### Problem requirements
Copy out the lines of the records below, and only those lines, from the one with "To Workspace2 : ToWorkspace" through the one with "To Workspace6 : ToWorkspace", exactly as they appear.

——————————

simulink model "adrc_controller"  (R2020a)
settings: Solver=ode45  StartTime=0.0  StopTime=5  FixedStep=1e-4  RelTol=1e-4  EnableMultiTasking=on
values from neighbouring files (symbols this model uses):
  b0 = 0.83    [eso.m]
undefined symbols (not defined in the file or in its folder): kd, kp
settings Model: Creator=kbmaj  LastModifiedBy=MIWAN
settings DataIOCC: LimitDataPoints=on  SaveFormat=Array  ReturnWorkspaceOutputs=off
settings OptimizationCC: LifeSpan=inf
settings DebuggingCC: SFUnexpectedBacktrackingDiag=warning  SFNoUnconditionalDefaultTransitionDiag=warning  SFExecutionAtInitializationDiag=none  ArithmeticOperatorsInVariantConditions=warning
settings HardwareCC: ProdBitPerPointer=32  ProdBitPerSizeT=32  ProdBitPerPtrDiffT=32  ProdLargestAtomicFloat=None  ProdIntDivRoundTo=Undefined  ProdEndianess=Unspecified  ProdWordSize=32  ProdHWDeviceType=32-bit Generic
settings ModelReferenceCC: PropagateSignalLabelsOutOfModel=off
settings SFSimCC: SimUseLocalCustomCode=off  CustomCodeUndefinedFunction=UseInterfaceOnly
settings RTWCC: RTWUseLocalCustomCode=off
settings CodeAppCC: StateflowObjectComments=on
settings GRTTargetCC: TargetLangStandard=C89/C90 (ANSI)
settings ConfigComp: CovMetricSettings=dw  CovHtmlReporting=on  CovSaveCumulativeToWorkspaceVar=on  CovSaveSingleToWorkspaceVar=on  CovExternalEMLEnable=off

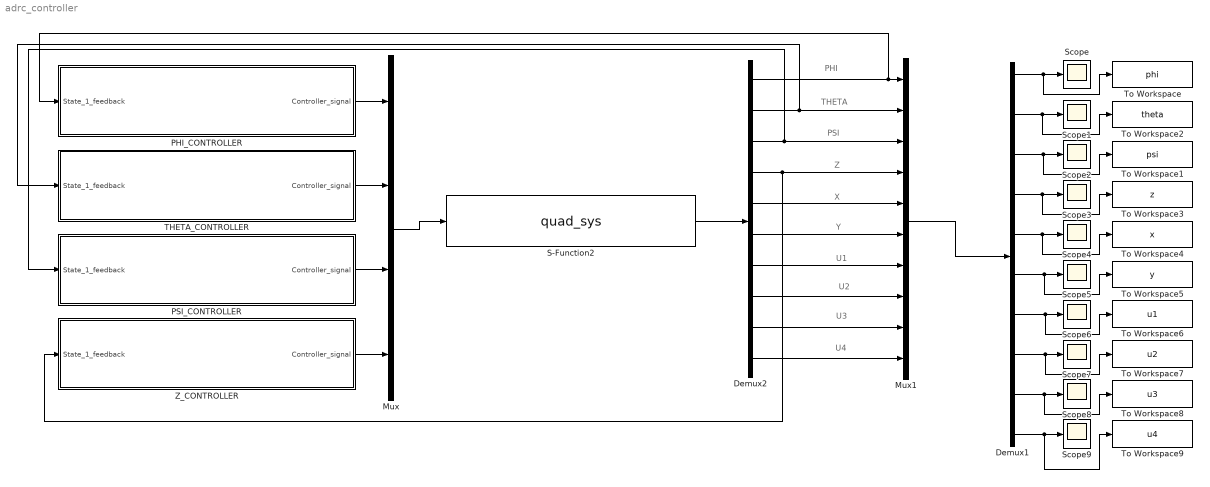
== system adrc_controller ==
  note: U4
  note: U3
  note: U2
  note: U1
  note: Y
  note: X
  note: Z
  note: PSI
  note: THETA
  note: PHI
  Demux1 : Demux  Outputs=10
  Demux2 : Demux  Outputs=10
  Mux : Mux
  Mux1 : Mux  Inputs=10
  PHI_CONTROLLER : Subsystem
  PSI_CONTROLLER : Subsystem
  S-Function2 : S-Function  FunctionName=quad_sys  SFunctionDeploymentMode=off  EnableBusSupport=off
  Scope{,1..9} (10 alike) : Scope
  THETA_CONTROLLER : Subsystem
  To Workspace : ToWorkspace  VariableName=phi  SaveFormat=Timeseries  SampleTime=-1
  To Workspace1 : ToWorkspace  VariableName=psi  SaveFormat=Timeseries  SampleTime=-1
  To Workspace2 : ToWorkspace  VariableName=theta  SaveFormat=Timeseries  SampleTime=-1
  To Workspace3 : ToWorkspace  VariableName=z  SaveFormat=Timeseries  SampleTime=-1
  To Workspace4 : ToWorkspace  VariableName=x  SaveFormat=Timeseries  SampleTime=-1
  To Workspace5 : ToWorkspace  VariableName=y  SaveFormat=Timeseries  SampleTime=-1
  To Workspace6 : ToWorkspace  VariableName=u1  SaveFormat=Timeseries  SampleTime=-1
  To Workspace7 : ToWorkspace  VariableName=u2  SaveFormat=Timeseries  SampleTime=-1
  To Workspace8 : ToWorkspace  VariableName=u3  SaveFormat=Timeseries  SampleTime=-1
  To Workspace9 : ToWorkspace  VariableName=u4  SaveFormat=Timeseries  SampleTime=-1
  Z_CONTROLLER : Subsystem
  wires:
  S-Function2/1 -> Demux2/1
  Mux/1 -> S-Function2/1
  PHI_CONTROLLER/1(Controller_signal) -> Mux/1
  Demux2/10 -> Mux1/10
  Demux2/9 -> Mux1/9
  Demux2/8 -> Mux1/8
  Demux2/7 -> Mux1/7
  Demux2/6 -> Mux1/6
  Demux2/5 -> Mux1/5
  Demux2/4 -> Z_CONTROLLER/1(State_1_feedback), Mux1/4
  Demux2/3 -> PSI_CONTROLLER/1(State_1_feedback), Mux1/3
  Demux2/2 -> THETA_CONTROLLER/1(State_1_feedback), Mux1/2
  Demux2/1 -> PHI_CONTROLLER/1(State_1_feedback), Mux1/1
  Mux1/1 -> Demux1/1
  Demux1/1 -> To Workspace/1, Scope/1
  Demux1/2 -> Scope1/1, To Workspace2/1
  Demux1/3 -> Scope2/1, To Workspace1/1
  Demux1/4 -> To Workspace3/1, Scope3/1
  Demux1/5 -> To Workspace4/1, Scope4/1
  Demux1/6 -> To Workspace5/1, Scope5/1
  Demux1/7 -> To Workspace6/1, Scope6/1
  Demux1/8 -> To Workspace7/1, Scope7/1
  Demux1/9 -> To Workspace8/1, Scope8/1
  Demux1/10 -> To Workspace9/1, Scope9/1
  PSI_CONTROLLER/1(Controller_signal) -> Mux/3
  THETA_CONTROLLER/1(Controller_signal) -> Mux/2
  Z_CONTROLLER/1(Controller_signal) -> Mux/4

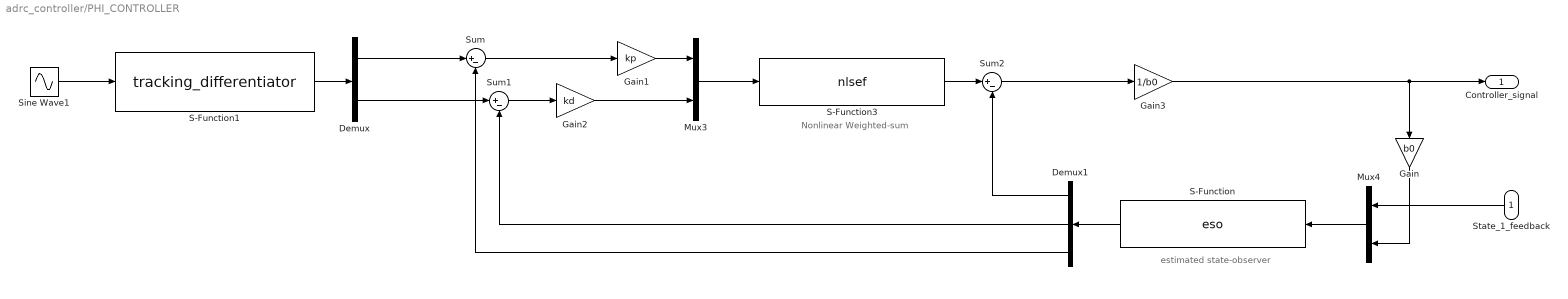
== system adrc_controller/PHI_CONTROLLER ==
  note: estimated state-observer
  note: Nonlinear Weighted-sum
  State_1_feedback : Inport
  Demux : Demux  Outputs=2
  Demux1 : Demux  Outputs=3
  Gain : Gain  Gain=b0
  Gain1 : Gain  Gain=kp
  Gain2 : Gain  Gain=kd
  Gain3 : Gain  Gain=1/b0
  Mux3 : Mux  Inputs=2
  Mux4 : Mux  Inputs=2
  S-Function : S-Function  FunctionName=eso  SFunctionDeploymentMode=off  EnableBusSupport=off
  S-Function1 : S-Function  FunctionName=tracking_differentiator  SFunctionDeploymentMode=off  EnableBusSupport=off
  S-Function3 : S-Function  FunctionName=nlsef  SFunctionDeploymentMode=off  EnableBusSupport=off
  Sine Wave1 : Sin  SampleTime=0
  Sum : Sum  Inputs=|+-
  Sum1 : Sum  Inputs=|+-
  Sum2 : Sum  Inputs=|+-
  Controller_signal : Outport
  wires:
  Mux3/1 -> S-Function3/1
  Mux4/1 -> S-Function/1
  S-Function/1 -> Demux1/1
  Sum/1 -> Gain1/1
  Demux/1 -> Sum/1
  Demux/2 -> Sum1/1
  Sum1/1 -> Gain2/1
  Gain1/1 -> Mux3/1
  Gain2/1 -> Mux3/2
  S-Function3/1 -> Sum2/1
  Sum2/1 -> Gain3/1
  Gain3/1 -> Controller_signal/1, Gain/1
  Demux1/1 -> Sum2/2
  Demux1/3 -> Sum/2
  Demux1/2 -> Sum1/2
  Gain/1 -> Mux4/2
  State_1_feedback/1 -> Mux4/1
  Sine Wave1/1 -> S-Function1/1
  S-Function1/1 -> Demux/1

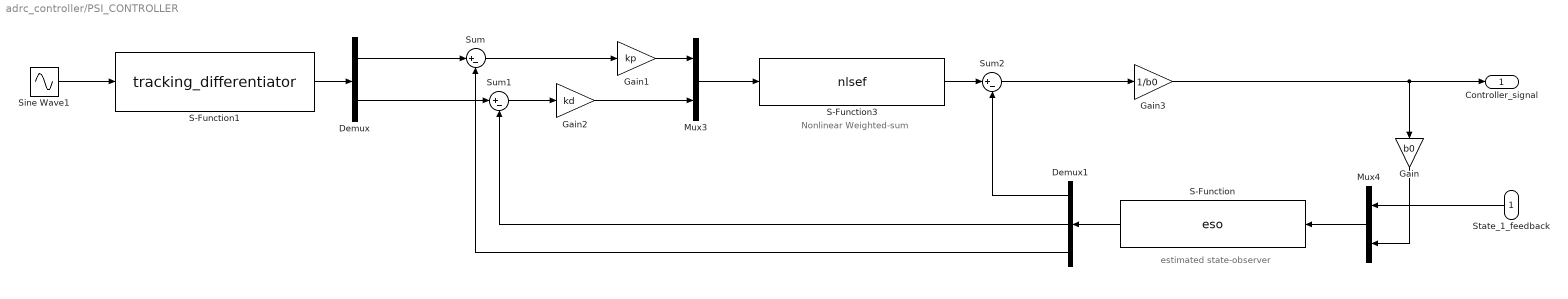
== system adrc_controller/PSI_CONTROLLER ==
  note: estimated state-observer
  note: Nonlinear Weighted-sum
  State_1_feedback : Inport
  Demux : Demux  Outputs=2
  Demux1 : Demux  Outputs=3
  Gain : Gain  Gain=b0
  Gain1 : Gain  Gain=kp
  Gain2 : Gain  Gain=kd
  Gain3 : Gain  Gain=1/b0
  Mux3 : Mux  Inputs=2
  Mux4 : Mux  Inputs=2
  S-Function : S-Function  FunctionName=eso  SFunctionDeploymentMode=off  EnableBusSupport=off
  S-Function1 : S-Function  FunctionName=tracking_differentiator  SFunctionDeploymentMode=off  EnableBusSupport=off
  S-Function3 : S-Function  FunctionName=nlsef  SFunctionDeploymentMode=off  EnableBusSupport=off
  Sine Wave1 : Sin  SampleTime=0
  Sum : Sum  Inputs=|+-
  Sum1 : Sum  Inputs=|+-
  Sum2 : Sum  Inputs=|+-
  Controller_signal : Outport
  wires:
  Sine Wave1/1 -> S-Function1/1
  Sum/1 -> Gain1/1
  State_1_feedback/1 -> Mux4/1
  Gain1/1 -> Mux3/1
  Sum2/1 -> Gain3/1
  Demux1/3 -> Sum/2
  Gain3/1 -> Controller_signal/1, Gain/1
  Mux4/1 -> S-Function/1
  Mux3/1 -> S-Function3/1
  S-Function/1 -> Demux1/1
  Demux/1 -> Sum/1
  S-Function3/1 -> Sum2/1
  S-Function1/1 -> Demux/1
  Demux1/1 -> Sum2/2
  Gain2/1 -> Mux3/2
  Demux/2 -> Sum1/1
  Sum1/1 -> Gain2/1
  Gain/1 -> Mux4/2
  Demux1/2 -> Sum1/2

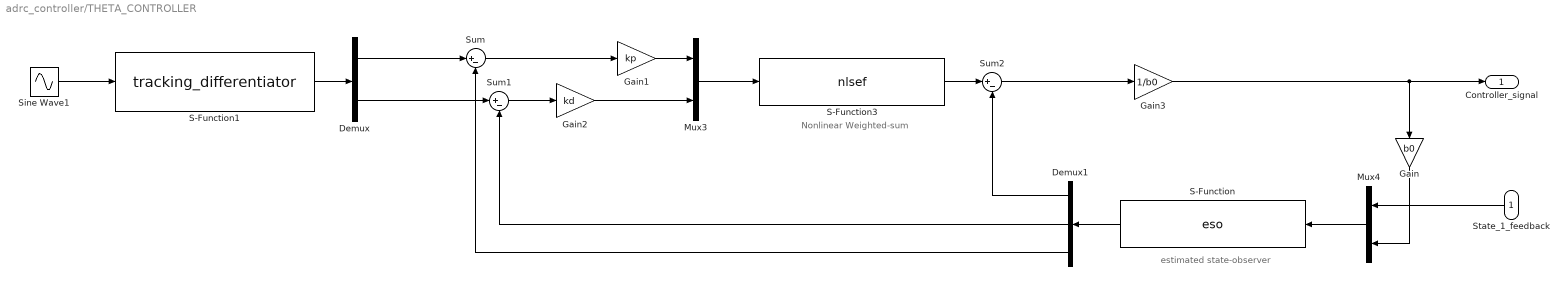
== system adrc_controller/THETA_CONTROLLER ==
  note: estimated state-observer
  note: Nonlinear Weighted-sum
  State_1_feedback : Inport
  Demux : Demux  Outputs=2
  Demux1 : Demux  Outputs=3
  Gain : Gain  Gain=b0
  Gain1 : Gain  Gain=kp
  Gain2 : Gain  Gain=kd
  Gain3 : Gain  Gain=1/b0
  Mux3 : Mux  Inputs=2
  Mux4 : Mux  Inputs=2
  S-Function : S-Function  FunctionName=eso  SFunctionDeploymentMode=off  EnableBusSupport=off
  S-Function1 : S-Function  FunctionName=tracking_differentiator  SFunctionDeploymentMode=off  EnableBusSupport=off
  S-Function3 : S-Function  FunctionName=nlsef  SFunctionDeploymentMode=off  EnableBusSupport=off
  Sine Wave1 : Sin  SampleTime=0
  Sum : Sum  Inputs=|+-
  Sum1 : Sum  Inputs=|+-
  Sum2 : Sum  Inputs=|+-
  Controller_signal : Outport
  wires:
  Sine Wave1/1 -> S-Function1/1
  Sum/1 -> Gain1/1
  State_1_feedback/1 -> Mux4/1
  Gain1/1 -> Mux3/1
  Sum2/1 -> Gain3/1
  Demux1/3 -> Sum/2
  Gain3/1 -> Controller_signal/1, Gain/1
  Mux4/1 -> S-Function/1
  Mux3/1 -> S-Function3/1
  S-Function/1 -> Demux1/1
  Demux/1 -> Sum/1
  S-Function3/1 -> Sum2/1
  S-Function1/1 -> Demux/1
  Demux1/1 -> Sum2/2
  Gain2/1 -> Mux3/2
  Demux/2 -> Sum1/1
  Sum1/1 -> Gain2/1
  Gain/1 -> Mux4/2
  Demux1/2 -> Sum1/2

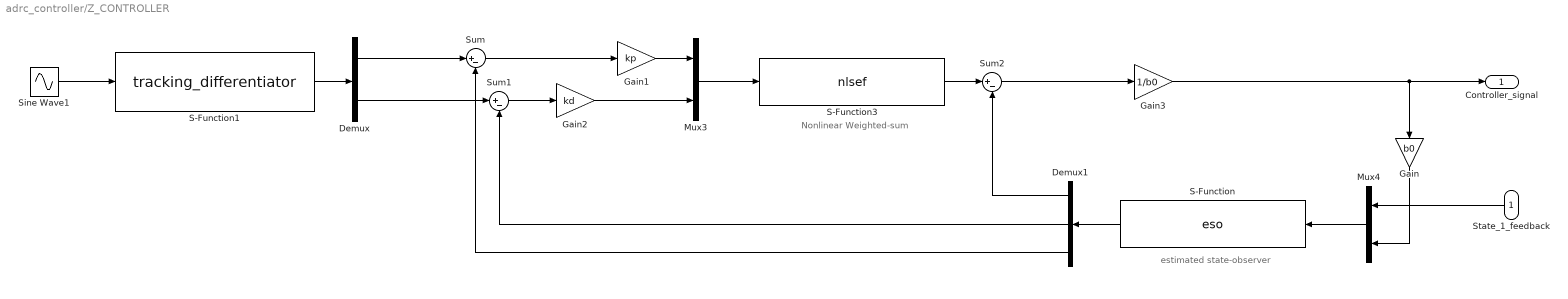
== system adrc_controller/Z_CONTROLLER ==
  note: estimated state-observer
  note: Nonlinear Weighted-sum
  State_1_feedback : Inport
  Demux : Demux  Outputs=2
  Demux1 : Demux  Outputs=3
  Gain : Gain  Gain=b0
  Gain1 : Gain  Gain=kp
  Gain2 : Gain  Gain=kd
  Gain3 : Gain  Gain=1/b0
  Mux3 : Mux  Inputs=2
  Mux4 : Mux  Inputs=2
  S-Function : S-Function  FunctionName=eso  SFunctionDeploymentMode=off  EnableBusSupport=off
  S-Function1 : S-Function  FunctionName=tracking_differentiator  SFunctionDeploymentMode=off  EnableBusSupport=off
  S-Function3 : S-Function  FunctionName=nlsef  SFunctionDeploymentMode=off  EnableBusSupport=off
  Sine Wave1 : Sin  SampleTime=0
  Sum : Sum  Inputs=|+-
  Sum1 : Sum  Inputs=|+-
  Sum2 : Sum  Inputs=|+-
  Controller_signal : Outport
  wires:
  Sine Wave1/1 -> S-Function1/1
  Sum/1 -> Gain1/1
  State_1_feedback/1 -> Mux4/1
  Gain1/1 -> Mux3/1
  Sum2/1 -> Gain3/1
  Demux1/3 -> Sum/2
  Gain3/1 -> Controller_signal/1, Gain/1
  Mux4/1 -> S-Function/1
  Mux3/1 -> S-Function3/1
  S-Function/1 -> Demux1/1
  Demux/1 -> Sum/1
  S-Function3/1 -> Sum2/1
  S-Function1/1 -> Demux/1
  Demux1/1 -> Sum2/2
  Gain2/1 -> Mux3/2
  Demux/2 -> Sum1/1
  Sum1/1 -> Gain2/1
  Gain/1 -> Mux4/2
  Demux1/2 -> Sum1/2

——————————

### Exercise result
  To Workspace2 : ToWorkspace  VariableName=theta  SaveFormat=Timeseries  SampleTime=-1
  To Workspace3 : ToWorkspace  VariableName=z  SaveFormat=Timeseries  SampleTime=-1
  To Workspace4 : ToWorkspace  VariableName=x  SaveFormat=Timeseries  SampleTime=-1
  To Workspace5 : ToWorkspace  VariableName=y  SaveFormat=Timeseries  SampleTime=-1
  To Workspace6 : ToWorkspace  VariableName=u1  SaveFormat=Timeseries  SampleTime=-1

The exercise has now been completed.